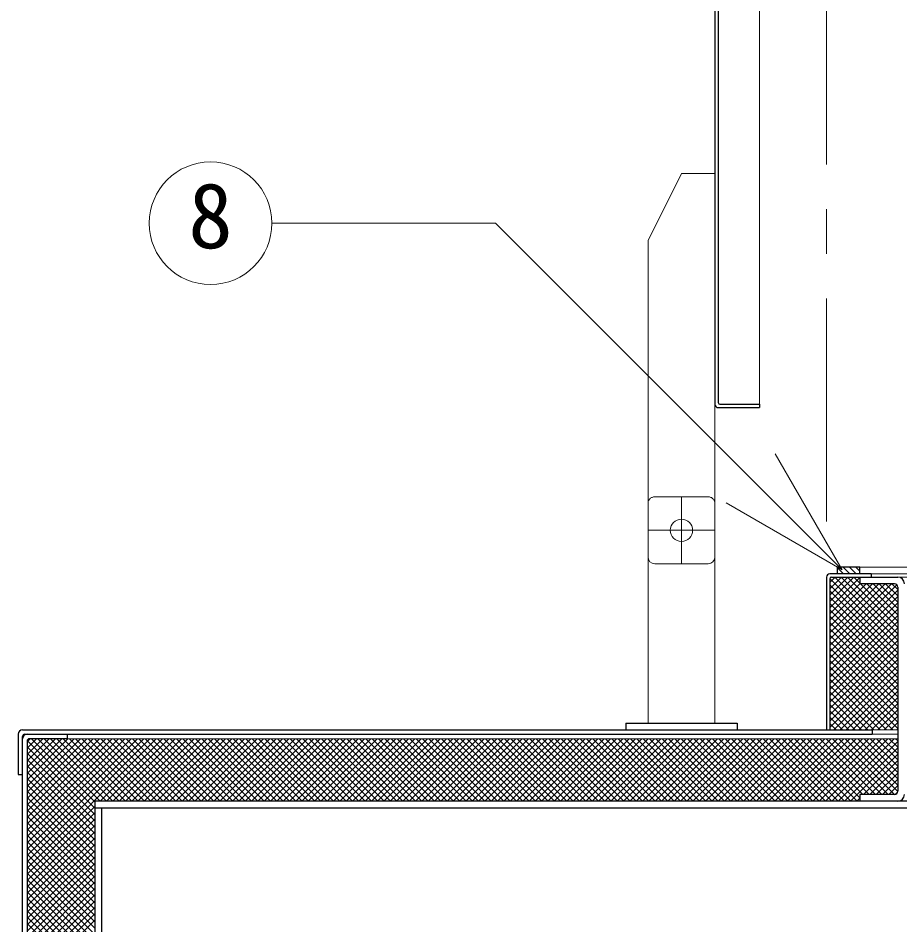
# Model space of a CAD drawing. Units: millimetres at full size, sheet at 1:20; details may follow other scales. Extents: x -4246 to 3854, y -2716 to 2904.
# Drawn here: x -3568.1 to -3172.7, y -498.1 to -91.5 of the extents above; entities that cross this region are included whole.
import ezdxf
from ezdxf.enums import TextEntityAlignment as Align

# ---------------------------------------------------------------- set-up
doc = ezdxf.new("R2010")
doc.units = ezdxf.units.MM
doc.header["$LTSCALE"] = 20
doc.linetypes.add('CHAIN1', pattern=[8, 5, -1, 1, -1])
doc.linetypes.add('DASHED1', pattern=[1.8, 1.2, -0.6])
doc.layers.add('0-0', color=4, linetype='Continuous', lineweight=9)
doc.styles.add('ＭＳ ゴシック', font='')
doc.styles.get('ＭＳ ゴシック').set_extended_font_data('MS Gothic')

msp = doc.modelspace()

# ---------------------------------------------------------------- linework, layer by layer
at = {"layer": '0-0', "linetype": 'CHAIN1'}
for p, q in [((-3205.6, -317.17), (-3205.6, 203.33)), ((-3270.6, -336.17), (-3270.6, -306.17)), ((-3285.6, -321.17), (-3255.6, -321.17))]:
    msp.add_line(p, q, dxfattribs=at)
at = {"layer": '0-0'}
for p, q in [((-3235.6, 172.33), (-3235.6, -264.67)), ((-3285.6, -333.17), (-3285.6, -407.67)), ((-3255.6, -333.17), (-3255.6, -407.67)), ((-3200.6, -338.01), (-3197.94, -340.67)), ((-3198.12, -337.67), (-3195.12, -340.67)), ((-3195.29, -337.67), (-3192.29, -340.67)), ((-3192.46, -337.67), (-3190.6, -339.53)), ((-3190.6, -337.67), (-3013.83, -337.67)), ((-3185.6, -340.67), (-3014.79, -340.67)), ((-3204.1, -353.05), (-3193.23, -342.17)), ((-3204.1, -350.22), (-3196.06, -342.17)), ((-3204.1, -347.39), (-3198.88, -342.17)), ((-3204.1, -344.56), (-3201.71, -342.17)), ((-3204.1, -355.88), (-3190.6, -342.38)), ((-3204.1, -372.85), (-3176.43, -345.17)), ((-3204.1, -370.02), (-3179.26, -345.17)), ((-3204.1, -367.19), (-3182.09, -345.17)), ((-3204.1, -364.36), (-3184.91, -345.17)), ((-3204.1, -361.53), (-3187.74, -345.17)), ((-3204.1, -358.7), (-3190.57, -345.17)), ((-3204.1, -345.57), (-3173.6, -376.07)), ((-3204.1, -375.68), (-3174.04, -345.61)), ((-3204.09, -342.76), (-3173.6, -373.25)), ((-3201.85, -342.17), (-3173.6, -370.42)), ((-3199.02, -342.17), (-3173.6, -367.59)), ((-3196.19, -342.17), (-3173.6, -364.76)), ((-3193.36, -342.17), (-3190.6, -344.93)), ((-3190.36, -345.17), (-3173.6, -361.93)), ((-3187.53, -345.17), (-3173.6, -359.1)), ((-3184.7, -345.17), (-3173.6, -356.27)), ((-3181.88, -345.17), (-3173.6, -353.45)), ((-3179.05, -345.17), (-3173.6, -350.62)), ((-3176.22, -345.17), (-3173.6, -347.79)), ((-3015.26, -342.17), (-3173.6, -342.17)), ((-3204.1, -378.5), (-3173.6, -348)), ((-3204.1, -348.4), (-3173.6, -378.9)), ((-3204.1, -381.33), (-3173.6, -350.83)), ((-3204.1, -351.23), (-3173.6, -381.73)), ((-3204.1, -384.16), (-3173.6, -353.66)), ((-3204.1, -354.06), (-3173.6, -384.56)), ((-3204.1, -386.99), (-3173.6, -356.49)), ((-3204.1, -356.89), (-3173.6, -387.39)), ((-3204.1, -389.82), (-3173.6, -359.32)), ((-3204.1, -359.72), (-3173.6, -390.22)), ((-3204.1, -392.65), (-3173.6, -362.15)), ((-3204.1, -362.54), (-3173.6, -393.04)), ((-3204.1, -395.47), (-3173.6, -364.97)), ((-3204.1, -365.37), (-3173.6, -395.87)), ((-3204.1, -398.3), (-3173.6, -367.8)), ((-3204.1, -368.2), (-3173.6, -398.7)), ((-3204.1, -401.13), (-3173.6, -370.63)), ((-3204.1, -371.03), (-3173.6, -401.53)), ((-3204.1, -403.96), (-3173.6, -373.46)), ((-3204.1, -373.86), (-3173.6, -404.36)), ((-3204.1, -406.79), (-3173.6, -376.29)), ((-3204.1, -376.69), (-3173.6, -407.19)), ((-3204.1, -409.62), (-3173.6, -379.12)), ((-3204.1, -379.51), (-3173.6, -410.01)), ((-3202.33, -410.67), (-3173.6, -381.94)), ((-3204.1, -382.34), (-3175.77, -410.67)), ((-3204.1, -385.17), (-3178.6, -410.67)), ((-3199.5, -410.67), (-3173.6, -384.77)), ((-3204.1, -388), (-3181.43, -410.67)), ((-3196.67, -410.67), (-3173.6, -387.6)), ((-3204.1, -390.83), (-3184.26, -410.67)), ((-3204.1, -393.66), (-3187.09, -410.67)), ((-3193.85, -410.67), (-3173.6, -390.43)), ((-3191.02, -410.67), (-3173.6, -393.26)), ((-3204.1, -396.49), (-3189.91, -410.67)), ((-3188.19, -410.67), (-3173.6, -396.09)), ((-3204.1, -399.31), (-3192.74, -410.67)), ((-3204.1, -402.14), (-3195.57, -410.67)), ((-3185.36, -410.67), (-3173.6, -398.92)), ((-3182.53, -410.67), (-3173.6, -401.74)), ((-3204.1, -404.97), (-3198.4, -410.67)), ((-3179.7, -410.67), (-3173.6, -404.57)), ((-3204.1, -407.8), (-3201.23, -410.67)), ((-3204.1, -410.63), (-3204.06, -410.67)), ((-3185.1, -410.67), (-3173.6, -410.67)), ((-3176.88, -410.67), (-3173.6, -407.4)), ((-3174.05, -410.67), (-3173.6, -410.23)), ((-3564.1, -472.63), (-3506.14, -414.67)), ((-3564.1, -469.8), (-3508.97, -414.67)), ((-3564.1, -466.97), (-3511.8, -414.67)), ((-3564.1, -464.15), (-3514.63, -414.67)), ((-3564.1, -461.32), (-3517.46, -414.67)), ((-3564.1, -458.49), (-3520.29, -414.67)), ((-3564.1, -455.66), (-3523.11, -414.67)), ((-3564.1, -452.83), (-3525.94, -414.67)), ((-3564.1, -450), (-3528.77, -414.67)), ((-3564.1, -447.18), (-3531.6, -414.67)), ((-3564.1, -444.35), (-3534.43, -414.67)), ((-3564.1, -441.52), (-3537.26, -414.67)), ((-3564.1, -438.69), (-3540.09, -414.67)), ((-3564.1, -435.86), (-3542.91, -414.67)), ((-3564.1, -433.03), (-3545.74, -414.67)), ((-3564.1, -430.21), (-3548.57, -414.67)), ((-3564.1, -427.38), (-3551.4, -414.67)), ((-3564.1, -424.55), (-3554.23, -414.67)), ((-3564.1, -421.72), (-3557.06, -414.67)), ((-3564.1, -418.89), (-3559.88, -414.67)), ((-3564.1, -416.06), (-3562.71, -414.67)), ((-3562.1, -414.67), (-3533.6, -443.17)), ((-3559.27, -414.67), (-3531.27, -442.67)), ((-3556.44, -414.67), (-3528.44, -442.67)), ((-3553.61, -414.67), (-3525.61, -442.67)), ((-3550.78, -414.67), (-3522.78, -442.67)), ((-3547.95, -414.67), (-3519.95, -442.67)), ((-3173.6, -414.67), (-3546.1, -414.67)), ((-3545.12, -414.67), (-3517.12, -442.67)), ((-3542.3, -414.67), (-3514.3, -442.67)), ((-3539.47, -414.67), (-3511.47, -442.67)), ((-3536.64, -414.67), (-3508.64, -442.67)), ((-3533.81, -414.67), (-3505.81, -442.67)), ((-3531.32, -442.67), (-3503.32, -414.67)), ((-3530.98, -414.67), (-3502.98, -442.67)), ((-3528.49, -442.67), (-3500.49, -414.67)), ((-3528.15, -414.67), (-3500.15, -442.67)), ((-3525.66, -442.67), (-3497.66, -414.67)), ((-3525.33, -414.67), (-3497.33, -442.67)), ((-3522.83, -442.67), (-3494.83, -414.67)), ((-3522.5, -414.67), (-3494.5, -442.67)), ((-3520, -442.67), (-3492, -414.67)), ((-3519.67, -414.67), (-3491.67, -442.67)), ((-3517.17, -442.67), (-3489.17, -414.67)), ((-3516.84, -414.67), (-3488.84, -442.67)), ((-3514.35, -442.67), (-3486.35, -414.67)), ((-3514.01, -414.67), (-3486.01, -442.67)), ((-3511.52, -442.67), (-3483.52, -414.67)), ((-3511.18, -414.67), (-3483.18, -442.67)), ((-3508.69, -442.67), (-3480.69, -414.67)), ((-3508.36, -414.67), (-3480.36, -442.67)), ((-3505.86, -442.67), (-3477.86, -414.67)), ((-3505.53, -414.67), (-3477.53, -442.67)), ((-3503.03, -442.67), (-3475.03, -414.67)), ((-3502.7, -414.67), (-3474.7, -442.67)), ((-3500.2, -442.67), (-3472.2, -414.67)), ((-3499.87, -414.67), (-3471.87, -442.67)), ((-3497.37, -442.67), (-3469.37, -414.67)), ((-3497.04, -414.67), (-3469.04, -442.67)), ((-3494.55, -442.67), (-3466.55, -414.67)), ((-3494.21, -414.67), (-3466.21, -442.67)), ((-3491.72, -442.67), (-3463.72, -414.67)), ((-3491.38, -414.67), (-3463.38, -442.67)), ((-3488.89, -442.67), (-3460.89, -414.67)), ((-3488.56, -414.67), (-3460.56, -442.67)), ((-3486.06, -442.67), (-3458.06, -414.67)), ((-3485.73, -414.67), (-3457.73, -442.67)), ((-3483.23, -442.67), (-3455.23, -414.67)), ((-3482.9, -414.67), (-3454.9, -442.67)), ((-3480.4, -442.67), (-3452.4, -414.67)), ((-3480.07, -414.67), (-3452.07, -442.67)), ((-3477.58, -442.67), (-3449.58, -414.67)), ((-3477.24, -414.67), (-3449.24, -442.67)), ((-3474.75, -442.67), (-3446.75, -414.67)), ((-3474.41, -414.67), (-3446.41, -442.67)), ((-3471.92, -442.67), (-3443.92, -414.67)), ((-3471.59, -414.67), (-3443.59, -442.67)), ((-3469.09, -442.67), (-3441.09, -414.67)), ((-3468.76, -414.67), (-3440.76, -442.67)), ((-3466.26, -442.67), (-3438.26, -414.67)), ((-3465.93, -414.67), (-3437.93, -442.67)), ((-3463.43, -442.67), (-3435.43, -414.67)), ((-3463.1, -414.67), (-3435.1, -442.67)), ((-3460.61, -442.67), (-3432.61, -414.67)), ((-3460.27, -414.67), (-3432.27, -442.67)), ((-3457.78, -442.67), (-3429.78, -414.67)), ((-3457.44, -414.67), (-3429.44, -442.67)), ((-3454.95, -442.67), (-3426.95, -414.67)), ((-3454.61, -414.67), (-3426.61, -442.67)), ((-3452.12, -442.67), (-3424.12, -414.67)), ((-3451.79, -414.67), (-3423.79, -442.67)), ((-3449.29, -442.67), (-3421.29, -414.67)), ((-3448.96, -414.67), (-3420.96, -442.67)), ((-3446.46, -442.67), (-3418.46, -414.67)), ((-3446.13, -414.67), (-3418.13, -442.67)), ((-3443.63, -442.67), (-3415.63, -414.67)), ((-3443.3, -414.67), (-3415.3, -442.67)), ((-3440.81, -442.67), (-3412.81, -414.67)), ((-3440.47, -414.67), (-3412.47, -442.67)), ((-3437.98, -442.67), (-3409.98, -414.67)), ((-3437.64, -414.67), (-3409.64, -442.67)), ((-3435.15, -442.67), (-3407.15, -414.67)), ((-3434.82, -414.67), (-3406.82, -442.67)), ((-3432.32, -442.67), (-3404.32, -414.67)), ((-3431.99, -414.67), (-3403.99, -442.67)), ((-3429.49, -442.67), (-3401.49, -414.67)), ((-3429.16, -414.67), (-3401.16, -442.67)), ((-3426.66, -442.67), (-3398.66, -414.67)), ((-3426.33, -414.67), (-3398.33, -442.67)), ((-3423.84, -442.67), (-3395.84, -414.67)), ((-3423.5, -414.67), (-3395.5, -442.67)), ((-3421.01, -442.67), (-3393.01, -414.67)), ((-3420.67, -414.67), (-3392.67, -442.67)), ((-3418.18, -442.67), (-3390.18, -414.67)), ((-3417.85, -414.67), (-3389.85, -442.67)), ((-3415.35, -442.67), (-3387.35, -414.67)), ((-3415.02, -414.67), (-3387.02, -442.67)), ((-3412.52, -442.67), (-3384.52, -414.67)), ((-3412.19, -414.67), (-3384.19, -442.67)), ((-3409.69, -442.67), (-3381.69, -414.67)), ((-3409.36, -414.67), (-3381.36, -442.67)), ((-3406.86, -442.67), (-3378.86, -414.67)), ((-3406.53, -414.67), (-3378.53, -442.67)), ((-3404.04, -442.67), (-3376.04, -414.67)), ((-3403.7, -414.67), (-3375.7, -442.67)), ((-3401.21, -442.67), (-3373.21, -414.67)), ((-3400.87, -414.67), (-3372.87, -442.67)), ((-3398.38, -442.67), (-3370.38, -414.67)), ((-3398.05, -414.67), (-3370.05, -442.67)), ((-3395.55, -442.67), (-3367.55, -414.67)), ((-3395.22, -414.67), (-3367.22, -442.67)), ((-3392.72, -442.67), (-3364.72, -414.67)), ((-3392.39, -414.67), (-3364.39, -442.67)), ((-3389.89, -442.67), (-3361.89, -414.67)), ((-3389.56, -414.67), (-3361.56, -442.67)), ((-3387.07, -442.67), (-3359.07, -414.67)), ((-3386.73, -414.67), (-3358.73, -442.67)), ((-3384.24, -442.67), (-3356.24, -414.67)), ((-3383.9, -414.67), (-3355.9, -442.67)), ((-3381.41, -442.67), (-3353.41, -414.67)), ((-3381.08, -414.67), (-3353.08, -442.67)), ((-3378.58, -442.67), (-3350.58, -414.67)), ((-3378.25, -414.67), (-3350.25, -442.67)), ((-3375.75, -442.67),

EXERCISE DETAILS ▸ Please return all lines in the material above that include the word "ゴシック".

SOLUTION TO THIS TASK ▸
doc.styles.add('ＭＳ ゴシック', font='')
doc.styles.get('ＭＳ ゴシック').set_extended_font_data('MS Gothic')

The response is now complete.